Josie grew immensely this semester. When I first met her, she barely spoke, rarely participated, and preferred to be on her own. When I gave her the initial Fact Fluency assessment, she could not explain her thought process to me. As we went through the semester playing “Plus,” using flashcards, and jumping into social settings, I saw her open up and gradually explain her thought process more and more. By the end of the semester, Josie had become a much more vocal student, confidently telling me how she solved problems, sometimes providing me with multiple strategies. Although she’s still a quiet learner, Josie has become a much more vocal and courageous one as well.
I firmly believe that Josie’s growth in mathematics this semester comes from the work we completed together. While originally Josie would barely talk in class, she grew to explain her thinking thoroughly, and sometimes in multiple ways. She also learned to solve problems without aid (not needing to use her fingers as often). The impact became evident through the second Fact Fluency assessment. Her overall score and the number of problems answered increased while the number of errors decreased. She felt more comfortable and confident in sharing her thinking with me, developing an ability to effectively demonstrate her learning.

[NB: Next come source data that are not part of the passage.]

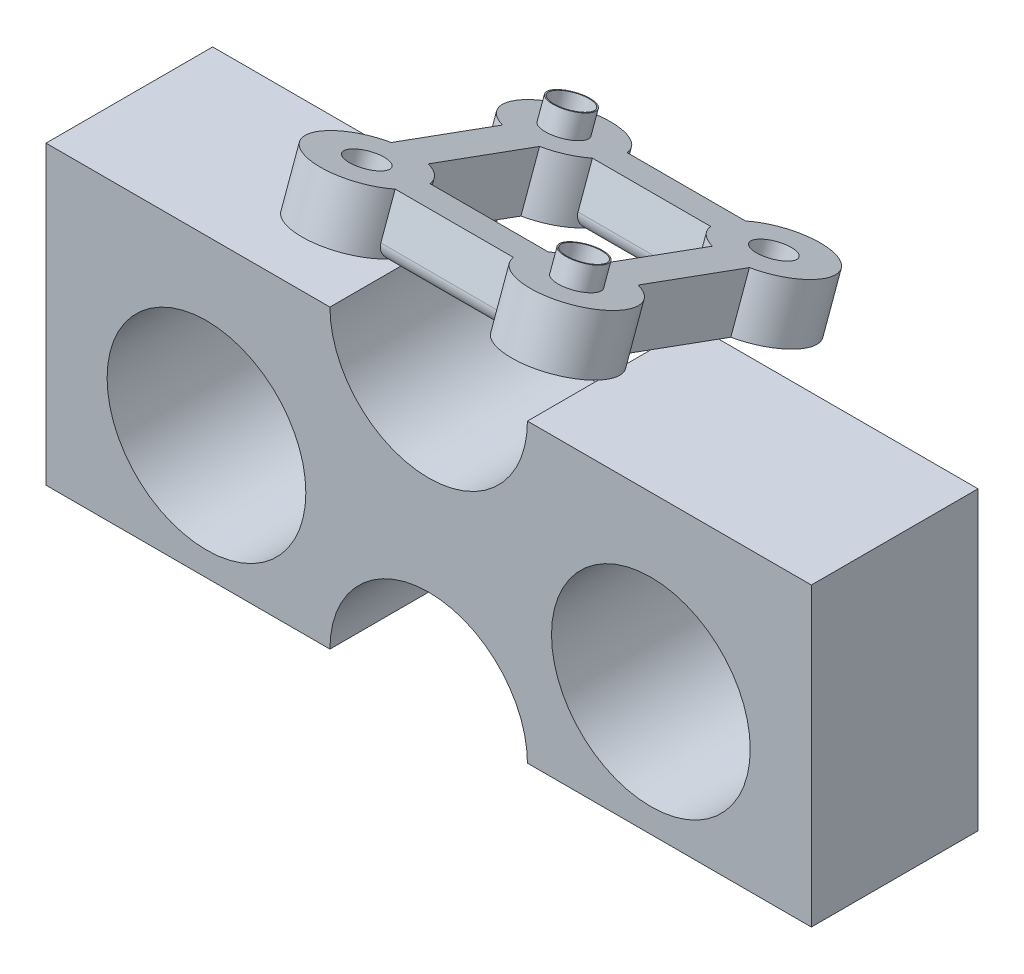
ISO-10303-21;
HEADER;
FILE_DESCRIPTION(('STEP AP214'),'2;1');
FILE_NAME('part.step','',(''),(''),'','','');
FILE_SCHEMA(('AUTOMOTIVE_DESIGN { 1 0 10303 214 1 1 1 1 }'));
ENDSEC;
DATA;
#1=APPLICATION_CONTEXT('core data for automotive mechanical design processes');
#2=APPLICATION_PROTOCOL_DEFINITION('international standard','automotive_design',2000,#1);
#3=PRODUCT_CONTEXT('',#1,'mechanical');
#4=PRODUCT('Part','Part','',(#3));
#5=PRODUCT_RELATED_PRODUCT_CATEGORY('part','',(#4));
#6=PRODUCT_DEFINITION_FORMATION('','',#4);
#7=PRODUCT_DEFINITION_CONTEXT('part definition',#1,'design');
#8=PRODUCT_DEFINITION('design','',#6,#7);
#9=PRODUCT_DEFINITION_SHAPE('','',#8);
#10=(LENGTH_UNIT() NAMED_UNIT(*) SI_UNIT(.MILLI.,.METRE.));
#11=(NAMED_UNIT(*) PLANE_ANGLE_UNIT() SI_UNIT($,.RADIAN.));
#12=(NAMED_UNIT(*) SI_UNIT($,.STERADIAN.) SOLID_ANGLE_UNIT());
#13=UNCERTAINTY_MEASURE_WITH_UNIT(LENGTH_MEASURE(1.E-05),#10,'distance_accuracy_value','');
#14=(GEOMETRIC_REPRESENTATION_CONTEXT(3) GLOBAL_UNCERTAINTY_ASSIGNED_CONTEXT((#13)) GLOBAL_UNIT_ASSIGNED_CONTEXT((#10,
#11,#12)) REPRESENTATION_CONTEXT('',''));
#15=CARTESIAN_POINT('',(0.,0.,0.));
#16=DIRECTION('',(0.,0.,1.));
#17=DIRECTION('',(1.,0.,0.));
#18=AXIS2_PLACEMENT_3D('',#15,#16,#17);
#19=CARTESIAN_POINT('',(39.5,40.6049719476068,6.99812295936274));
#20=DIRECTION('',(0.,-0.939692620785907,0.342020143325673));
#21=DIRECTION('',(0.,-0.342020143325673,-0.939692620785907));
#22=AXIS2_PLACEMENT_3D('',#19,#20,#21);
#23=CYLINDRICAL_SURFACE('',#22,1.5);
#24=CARTESIAN_POINT('',(39.5,33.9706757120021,9.41280931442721));
#25=DIRECTION('',(0.,0.939692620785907,-0.342020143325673));
#26=DIRECTION('',(0.,0.342020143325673,0.939692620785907));
#27=AXIS2_PLACEMENT_3D('',#24,#25,#26);
#28=CIRCLE('',#27,1.5);
#29=CARTESIAN_POINT('',(39.5,34.4837059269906,10.8223482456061));
#30=VERTEX_POINT('',#29);
#31=EDGE_CURVE('E556',#30,#30,#28,.F.);
#32=ORIENTED_EDGE('',*,*,#31,.F.);
#33=EDGE_LOOP('',(#32));
#34=FACE_BOUND('',#33,.T.);
#35=CARTESIAN_POINT('',(39.5,30.2588898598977,10.7637888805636));
#36=DIRECTION('',(0.,-0.939692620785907,0.342020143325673));
#37=DIRECTION('',(0.,-0.342020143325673,-0.939692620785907));
#38=AXIS2_PLACEMENT_3D('',#35,#36,#37);
#39=CIRCLE('',#38,1.5);
#40=CARTESIAN_POINT('',(39.5,29.7458596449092,9.35424994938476));
#41=VERTEX_POINT('',#40);
#42=EDGE_CURVE('E525',#41,#41,#39,.F.);
#43=ORIENTED_EDGE('',*,*,#42,.F.);
#44=EDGE_LOOP('',(#43));
#45=FACE_BOUND('',#44,.T.);
#46=ADVANCED_FACE('F60',(#34,#45),#23,.F.);
#47=CARTESIAN_POINT('',(22.5,34.7906295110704,-8.97665159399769));
#48=DIRECTION('',(0.,-0.939692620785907,0.342020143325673));
#49=DIRECTION('',(0.,-0.342020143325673,-0.939692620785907));
#50=AXIS2_PLACEMENT_3D('',#47,#48,#49);
#51=CYLINDRICAL_SURFACE('',#50,1.5);
#52=CARTESIAN_POINT('',(22.5,28.1563332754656,-6.56196523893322));
#53=DIRECTION('',(0.,0.939692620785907,-0.342020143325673));
#54=DIRECTION('',(0.,0.342020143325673,0.939692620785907));
#55=AXIS2_PLACEMENT_3D('',#52,#53,#54);
#56=CIRCLE('',#55,1.5);
#57=CARTESIAN_POINT('',(22.5,28.6693634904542,-5.15242630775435));
#58=VERTEX_POINT('',#57);
#59=EDGE_CURVE('E552',#58,#58,#56,.F.);
#60=ORIENTED_EDGE('',*,*,#59,.F.);
#61=EDGE_LOOP('',(#60));
#62=FACE_BOUND('',#61,.T.);
#63=CARTESIAN_POINT('',(22.5,24.4445474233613,-5.21098567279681));
#64=DIRECTION('',(0.,-0.939692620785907,0.342020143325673));
#65=DIRECTION('',(0.,-0.342020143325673,-0.939692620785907));
#66=AXIS2_PLACEMENT_3D('',#63,#64,#65);
#67=CIRCLE('',#66,1.5);
#68=CARTESIAN_POINT('',(22.5,23.9315172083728,-6.62052460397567));
#69=VERTEX_POINT('',#68);
#70=EDGE_CURVE('E699',#69,#69,#67,.F.);
#71=ORIENTED_EDGE('',*,*,#70,.F.);
#72=EDGE_LOOP('',(#71));
#73=FACE_BOUND('',#72,.T.);
#74=ADVANCED_FACE('F825',(#62,#73),#51,.F.);
#75=CARTESIAN_POINT('',(39.5,34.7906295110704,-8.97665159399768));
#76=DIRECTION('',(0.,-0.939692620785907,0.342020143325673));
#77=DIRECTION('',(0.,-0.342020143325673,-0.939692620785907));
#78=AXIS2_PLACEMENT_3D('',#75,#76,#77);
#79=CYLINDRICAL_SURFACE('',#78,1.5);
#80=CARTESIAN_POINT('',(39.5,26.5118711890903,-5.96342998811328));
#81=DIRECTION('',(0.,-0.939692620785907,0.342020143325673));
#82=DIRECTION('',(0.,-0.342020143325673,-0.939692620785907));
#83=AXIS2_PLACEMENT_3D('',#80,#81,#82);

I am an extroverted person, which made an opportunity to work with someone who is heavily introverted like Josie unique. This process taught me about understanding learners that are different from myself and providing them with the necessary resources to succeed. For Josie, this meant creating games designed specifically for her, collaborating with one of her peers, and continually asking her to explain her thinking so that it became natural. I’m grateful that I had the chance to work with someone different from myself so that I have the skills to provide introverts with necessary resources in the future. While students like Josie may always be introverted, they also have intelligent thoughts and problem solving strategies to share with others. It’s important to provide resources and opportunities that engage all learners.
Riley Strauss is a third-year elementary education major at Butler University. This impact report was originally written for a class project and later adapted for this blog.